Records contained in a dataset
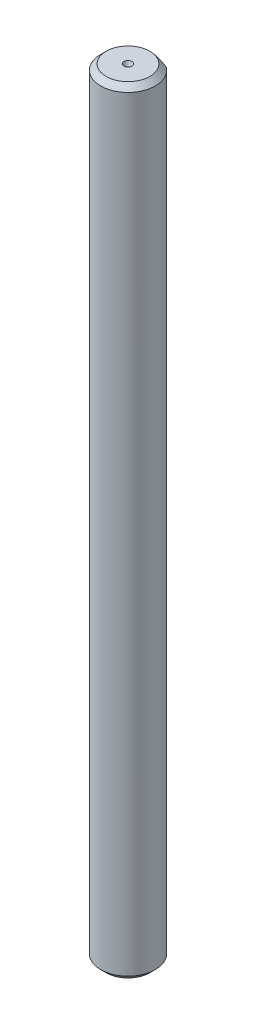
from build123d import *

# Parameters (mm, degrees)
SKETCH_1_R          = 2.5
EXTRUDE_1_DEPTH     = 71
CHAMFER_1_SIZE      = 0.5
CUT_EXTRUDE_START   = -15
CUT_EXTRUDE_2_DEPTH = 15


with BuildPart() as part:
    # Эскиз1 → Бобышка-Вытянуть1 (new body)
    with BuildSketch(Plane(origin=(0, 0, 0), x_dir=(1, 0, 0), z_dir=(0, 1, 0))):
        with Locations(Location((0, 0, 0), (0, 0, 270))):
            Circle(SKETCH_1_R)
    extrude(amount=EXTRUDE_1_DEPTH)

    # Фаска1
    chamfer_1_edges = [part.edges().sort_by_distance(p)[0] for p in [
        (0, 0, -2.5),
        (0, 71, -2.5),
    ]]
    chamfer(chamfer_1_edges, length=CHAMFER_1_SIZE)

    # Вырез-Вытянуть1 cone 1 section (through the dimple's axis) → Вырез-Вытянуть1 (revolve, cut)
    with BuildSketch(Plane(origin=(0, 71, 0), x_dir=(0, 0, 1), z_dir=(1, 0, 0))):
        Polygon((0, 0), (0.368933835, 0), (0, 0.913143285), align=None)
    revolve(axis=Axis((0, 71, 0), (0, -1, 0)), mode=Mode.SUBTRACT)

    # Эскиз3 → Вырез-Вытянуть2 (cut)
    with BuildSketch(Plane(origin=(0, 71, 0), x_dir=(1, 0, 0), z_dir=(0, 1, 0)).offset(CUT_EXTRUDE_START)):
        with BuildLine():
            Line((-1.5, 2), (1.5, 2))
            ThreePointArc((1.5, 2), (0, 2.5), (-1.5, 2))
        make_face()
    extrude(amount=CUT_EXTRUDE_2_DEPTH, mode=Mode.SUBTRACT)


solid = part.part

* **Exercise prompt**
Only the records are wanted, copied exactly, with the pictures dropped.

* **Answer to this problem**
from build123d import *

# Parameters (mm, degrees)
SKETCH_1_R          = 2.5
EXTRUDE_1_DEPTH     = 71
CHAMFER_1_SIZE      = 0.5
CUT_EXTRUDE_START   = -15
CUT_EXTRUDE_2_DEPTH = 15


with BuildPart() as part:
    # Эскиз1 → Бобышка-Вытянуть1 (new body)
    with BuildSketch(Plane(origin=(0, 0, 0), x_dir=(1, 0, 0), z_dir=(0, 1, 0))):
        with Locations(Location((0, 0, 0), (0, 0, 270))):
            Circle(SKETCH_1_R)
    extrude(amount=EXTRUDE_1_DEPTH)

    # Фаска1
    chamfer_1_edges = [part.edges().sort_by_distance(p)[0] for p in [
        (0, 0, -2.5),
        (0, 71, -2.5),
    ]]
    chamfer(chamfer_1_edges, length=CHAMFER_1_SIZE)

    # Вырез-Вытянуть1 cone 1 section (through the dimple's axis) → Вырез-Вытянуть1 (revolve, cut)
    with BuildSketch(Plane(origin=(0, 71, 0), x_dir=(0, 0, 1), z_dir=(1, 0, 0))):
        Polygon((0, 0), (0.368933835, 0), (0, 0.913143285), align=None)
    revolve(axis=Axis((0, 71, 0), (0, -1, 0)), mode=Mode.SUBTRACT)

    # Эскиз3 → Вырез-Вытянуть2 (cut)
    with BuildSketch(Plane(origin=(0, 71, 0), x_dir=(1, 0, 0), z_dir=(0, 1, 0)).offset(CUT_EXTRUDE_START)):
        with BuildLine():
            Line((-1.5, 2), (1.5, 2))
            ThreePointArc((1.5, 2), (0, 2.5), (-1.5, 2))
        make_face()
    extrude(amount=CUT_EXTRUDE_2_DEPTH, mode=Mode.SUBTRACT)


solid = part.part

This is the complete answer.